Gary, all your fault. I am out of $400 for the same!


----------



## Rawpower

I saw one the other day at a Pawn shop but it had a small chip on the head stock. I didn't get it but maybe I should have. When I went back to try it out, it was gone. Oh well, I have my eye on a Taylor now.


----------



## Bass-Tracker

Gary said:


> Thanks. These are incredible guitars that very few people know about. These are NOT factory built in China, but handmade in Canada. The last S6 I played at GC, I played it back to back to ~ $1500-$2000 Martins and Taylors and if I was blindfolded, I couldn't tell the difference. Except in my wallet.
> 
> This is a $400 guitar.


Comparing Seagulls to Martins, Taylors or even Gibsons is like comparing apples to oranges.
Different skin, innards & origin.

In the last 10 years Martins, Taylors & Fenders have been cheapened up quite alot.
If it's older than 10 years you have a much better guitar.

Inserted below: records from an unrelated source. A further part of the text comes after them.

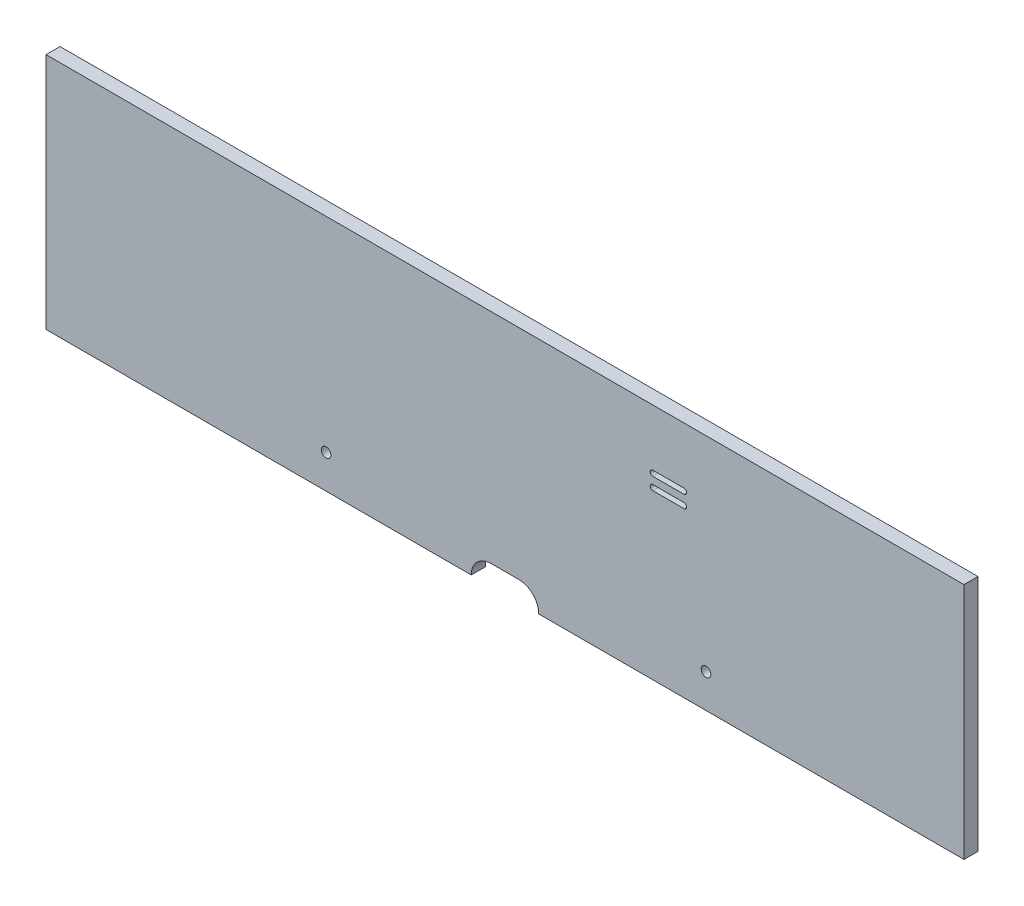
from build123d import *

# Parameters (mm, degrees)
SKETCH1_W           = 295
SKETCH1_H           = 76.5
BOSS_EXTRUDE1_DEPTH = 4.5
CUT_EXTRUDE1_REACH  = 154.445
SKETCH3_R           = 1.55
CUT_EXTRUDE2_DEPTH  = 14
CUT_EXTRUDE3_DEPTH  = 8


with BuildPart() as part:
    # Sketch1 → Boss-Extrude1 (new body)
    with BuildSketch(Plane.XY):
        Rectangle(SKETCH1_W, SKETCH1_H)
    extrude(amount=BOSS_EXTRUDE1_DEPTH)

    # Sketch2 → Cut-Extrude1 (cut, up to next)
    with BuildSketch(Plane.XY.offset(4.5), mode=Mode.PRIVATE) as cut_extrude1_sk1:
        with BuildLine():
            Line((4.467819604, -44.629426527), (-4.467819604, -44.629426527))
            ThreePointArc((-4.467819604, -44.629426527), (-10.847246131, -38.25), (-4.467819604, -31.870573473))
            Line((-4.467819604, -31.870573473), (4.467819604, -31.870573473))
            ThreePointArc((4.467819604, -31.870573473), (10.847246131, -38.25), (4.467819604, -44.629426527))
        make_face()
    cut_extrude1_tool1 = extrude(cut_extrude1_sk1.sketch, amount=-CUT_EXTRUDE1_REACH, mode=Mode.PRIVATE) & part.part
    add(cut_extrude1_tool1.solids().sort_by_distance((0, -38.25, 4.5))[0], mode=Mode.SUBTRACT)

    # Sketch3 → Cut-Extrude2 (cut)
    with BuildSketch(Plane.XY.offset(4.5)):
        with Locations((64.6, -27.45)):
            Circle(SKETCH3_R)
        with Locations((-57.5, -27.45)):
            Circle(SKETCH3_R)
    extrude(amount=-CUT_EXTRUDE2_DEPTH, mode=Mode.SUBTRACT)

    # Sketch4 → Cut-Extrude3 (cut)
    with BuildSketch(Plane.XY.offset(4.5)):
        with BuildLine():
            Line((57.5, 14.4), (47.5, 14.4))
            ThreePointArc((47.5, 14.4), (46.65, 15.25), (47.5, 16.1))
            Line((47.5, 16.1), (57.5, 16.1))
            ThreePointArc((57.5, 16.1), (58.35, 15.25), (57.5, 14.4))
        make_face()
        with BuildLine():
            Line((57.5, 18.4), (47.5, 18.4))
            ThreePointArc((47.5, 18.4), (46.65, 19.25), (47.5, 20.1))
            Line((47.5, 20.1), (57.5, 20.1))
            ThreePointArc((57.5, 20.1), (58.35, 19.25), (57.5, 18.4))
        make_face()
    extrude(amount=-CUT_EXTRUDE3_DEPTH, mode=Mode.SUBTRACT)


solid = part.part

I own a Martin HD28 (1969) & Martin DR (1997).
It's been said forever that all Acoustic guitars are compared to the Martin 28's in sound & the 28' are the most copied of all Acoustic guitars.
It still rings true regardless of how many new companies start up.
I'll keep my Martins.

.


----------



## BigBay420

Bass-Tracker said:


> Comparing Seagulls to Martins, Taylors or even Gibsons is like comparing apples to oranges.
> Different skin, innards & origin.
> 
> In the last 10 years Martins, Taylors & Fenders have been cheapened up quite alot.
> If it's older than 10 years you have a much better guitar.
> 
> I own a Martin HD28 (1969) & Martin DR (1997).
> It's been said forever that all Acoustic guitars are compared to the Martin 28's in sound & the 28' are the most copied of all Acoustic guitars.
> It still rings true regardless of how many new companies start up.
> I'll keep my Martins.
> 
> .


I don't know it's just something about a Taylor that makes me smile while playing.


----------



## pickn'fish

I bought a D35 in 1975. Kinda wish I had bought an HD28. But, Lord Almighty is it SWEET sounding. I love it. Bought a Taylor 810 Custom in 1988. Great sounding geetar and beautiful beyond description. Apples and oranges... sorta. Once owned a D18, also. Almost sold the Taylor but reconsidered and glad of it. But, I've decided I am basically a Martin man, the linchpin of acoustic guitars...


----------



## gigem87

Happy to find this thread. I have been researching to find a new acoustic guitar and landed on the Seagull Original S6. My situation is complicated by the fact that I am left handed. I have held right handed ones, and can halfway play them upside down. Just found a left handed one in town and will see it on Monday.

Not at Southpaw Guitars, but they did locate it for me.


----------



## OnedayScratch

Happy to find the thread as well. I am planning on a Taylor T5 as a retirement gift to myself but now I want to check out Seagull.

Maybe get now and save some change.


----------



## gigem87

Update - Just came from from Guitar Stringers in Pasadena with my new, left handed Seagull Original S6. I am in love with this guitar!

It was a "factory second", and the price was great. Just $250. See pictures below.

Really hard to find a factory second of anything that is specifically left handed, so I was stoked to get it.

Last picture looks bad - reflection and poor light. Guitar is perfect except for that one ding on the binding...


----------



## catndahats

Hey Gigem,
Congrats on the lefty guitar!
I haven't been to guitar stringer in ages. Are they still a Santa Cruz dealer? Did you see anything interesting in the acoustic section besides your great find?


----------